§ Action item
However many lines the data holds, transcribe them all exactly.

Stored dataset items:
■ ■ ■ ■ ■ ■ ■
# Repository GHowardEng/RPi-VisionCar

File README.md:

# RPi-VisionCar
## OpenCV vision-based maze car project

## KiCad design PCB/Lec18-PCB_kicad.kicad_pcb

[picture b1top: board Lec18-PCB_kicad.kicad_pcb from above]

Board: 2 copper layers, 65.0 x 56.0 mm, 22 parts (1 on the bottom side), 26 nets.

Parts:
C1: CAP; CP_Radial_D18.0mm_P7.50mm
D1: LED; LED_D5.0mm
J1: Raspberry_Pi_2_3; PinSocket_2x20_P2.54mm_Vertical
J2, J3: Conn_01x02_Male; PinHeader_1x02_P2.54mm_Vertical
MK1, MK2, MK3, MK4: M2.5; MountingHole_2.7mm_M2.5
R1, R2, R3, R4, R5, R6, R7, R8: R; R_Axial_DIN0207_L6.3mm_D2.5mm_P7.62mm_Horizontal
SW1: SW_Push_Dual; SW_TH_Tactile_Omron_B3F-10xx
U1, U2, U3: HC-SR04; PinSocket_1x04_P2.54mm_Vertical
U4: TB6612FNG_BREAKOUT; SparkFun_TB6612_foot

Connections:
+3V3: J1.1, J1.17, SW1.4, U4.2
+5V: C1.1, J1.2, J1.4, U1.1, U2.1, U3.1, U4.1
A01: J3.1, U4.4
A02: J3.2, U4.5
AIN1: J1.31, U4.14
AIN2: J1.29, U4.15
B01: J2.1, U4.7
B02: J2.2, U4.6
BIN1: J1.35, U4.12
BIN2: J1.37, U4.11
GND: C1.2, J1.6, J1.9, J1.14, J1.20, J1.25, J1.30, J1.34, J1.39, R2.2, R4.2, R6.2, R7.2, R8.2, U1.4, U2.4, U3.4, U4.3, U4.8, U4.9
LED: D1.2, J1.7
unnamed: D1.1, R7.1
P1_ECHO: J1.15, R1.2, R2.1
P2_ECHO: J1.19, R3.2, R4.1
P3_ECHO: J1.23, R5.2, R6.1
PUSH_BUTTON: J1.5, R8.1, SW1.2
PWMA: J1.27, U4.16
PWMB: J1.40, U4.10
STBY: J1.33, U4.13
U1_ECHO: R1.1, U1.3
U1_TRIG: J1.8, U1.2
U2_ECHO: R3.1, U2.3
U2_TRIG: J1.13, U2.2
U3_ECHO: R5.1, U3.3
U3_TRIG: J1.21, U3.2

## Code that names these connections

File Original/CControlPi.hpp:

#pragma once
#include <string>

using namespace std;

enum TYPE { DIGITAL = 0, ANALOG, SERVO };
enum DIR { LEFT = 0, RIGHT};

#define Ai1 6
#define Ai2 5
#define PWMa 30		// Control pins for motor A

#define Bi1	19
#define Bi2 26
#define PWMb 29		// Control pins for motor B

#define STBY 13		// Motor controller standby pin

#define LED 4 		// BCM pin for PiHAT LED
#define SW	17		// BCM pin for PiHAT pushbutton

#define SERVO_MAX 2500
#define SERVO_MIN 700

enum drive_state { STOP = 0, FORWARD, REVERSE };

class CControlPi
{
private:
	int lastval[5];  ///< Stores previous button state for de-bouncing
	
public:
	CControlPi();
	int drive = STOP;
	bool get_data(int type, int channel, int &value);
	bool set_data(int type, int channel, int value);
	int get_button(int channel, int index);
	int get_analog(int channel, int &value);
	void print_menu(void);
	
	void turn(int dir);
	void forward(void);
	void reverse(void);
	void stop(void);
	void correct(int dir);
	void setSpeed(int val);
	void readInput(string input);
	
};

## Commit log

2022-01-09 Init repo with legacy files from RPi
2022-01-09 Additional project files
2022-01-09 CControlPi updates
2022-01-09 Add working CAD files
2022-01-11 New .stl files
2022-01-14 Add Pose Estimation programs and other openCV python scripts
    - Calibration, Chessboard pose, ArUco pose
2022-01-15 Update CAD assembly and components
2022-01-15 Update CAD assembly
■ ■ ■ ■ ■ ■ ■
§ Exercise response
# Repository GHowardEng/RPi-VisionCar

File README.md:

# RPi-VisionCar
## OpenCV vision-based maze car project

## KiCad design PCB/Lec18-PCB_kicad.kicad_pcb

[picture b1top: board Lec18-PCB_kicad.kicad_pcb from above]

Board: 2 copper layers, 65.0 x 56.0 mm, 22 parts (1 on the bottom side), 26 nets.

Parts:
C1: CAP; CP_Radial_D18.0mm_P7.50mm
D1: LED; LED_D5.0mm
J1: Raspberry_Pi_2_3; PinSocket_2x20_P2.54mm_Vertical
J2, J3: Conn_01x02_Male; PinHeader_1x02_P2.54mm_Vertical
MK1, MK2, MK3, MK4: M2.5; MountingHole_2.7mm_M2.5
R1, R2, R3, R4, R5, R6, R7, R8: R; R_Axial_DIN0207_L6.3mm_D2.5mm_P7.62mm_Horizontal
SW1: SW_Push_Dual; SW_TH_Tactile_Omron_B3F-10xx
U1, U2, U3: HC-SR04; PinSocket_1x04_P2.54mm_Vertical
U4: TB6612FNG_BREAKOUT; SparkFun_TB6612_foot

Connections:
+3V3: J1.1, J1.17, SW1.4, U4.2
+5V: C1.1, J1.2, J1.4, U1.1, U2.1, U3.1, U4.1
A01: J3.1, U4.4
A02: J3.2, U4.5
AIN1: J1.31, U4.14
AIN2: J1.29, U4.15
B01: J2.1, U4.7
B02: J2.2, U4.6
BIN1: J1.35, U4.12
BIN2: J1.37, U4.11
GND: C1.2, J1.6, J1.9, J1.14, J1.20, J1.25, J1.30, J1.34, J1.39, R2.2, R4.2, R6.2, R7.2, R8.2, U1.4, U2.4, U3.4, U4.3, U4.8, U4.9
LED: D1.2, J1.7
unnamed: D1.1, R7.1
P1_ECHO: J1.15, R1.2, R2.1
P2_ECHO: J1.19, R3.2, R4.1
P3_ECHO: J1.23, R5.2, R6.1
PUSH_BUTTON: J1.5, R8.1, SW1.2
PWMA: J1.27, U4.16
PWMB: J1.40, U4.10
STBY: J1.33, U4.13
U1_ECHO: R1.1, U1.3
U1_TRIG: J1.8, U1.2
U2_ECHO: R3.1, U2.3
U2_TRIG: J1.13, U2.2
U3_ECHO: R5.1, U3.3
U3_TRIG: J1.21, U3.2

## Code that names these connections

File Original/CControlPi.hpp:

#pragma once
#include <string>

using namespace std;

enum TYPE { DIGITAL = 0, ANALOG, SERVO };
enum DIR { LEFT = 0, RIGHT};

#define Ai1 6
#define Ai2 5
#define PWMa 30		// Control pins for motor A

#define Bi1	19
#define Bi2 26
#define PWMb 29		// Control pins for motor B

#define STBY 13		// Motor controller standby pin

#define LED 4 		// BCM pin for PiHAT LED
#define SW	17		// BCM pin for PiHAT pushbutton

#define SERVO_MAX 2500
#define SERVO_MIN 700

enum drive_state { STOP = 0, FORWARD, REVERSE };

class CControlPi
{
private:
	int lastval[5];  ///< Stores previous button state for de-bouncing
	
public:
	CControlPi();
	int drive = STOP;
	bool get_data(int type, int channel, int &value);
	bool set_data(int type, int channel, int value);
	int get_button(int channel, int index);
	int get_analog(int channel, int &value);
	void print_menu(void);
	
	void turn(int dir);
	void forward(void);
	void reverse(void);
	void stop(void);
	void correct(int dir);
	void setSpeed(int val);
	void readInput(string input);
	
};

## Commit log

2022-01-09 Init repo with legacy files from RPi
2022-01-09 Additional project files
2022-01-09 CControlPi updates
2022-01-09 Add working CAD files
2022-01-11 New .stl files
2022-01-14 Add Pose Estimation programs and other openCV python scripts
    - Calibration, Chessboard pose, ArUco pose
2022-01-15 Update CAD assembly and components
2022-01-15 Update CAD assembly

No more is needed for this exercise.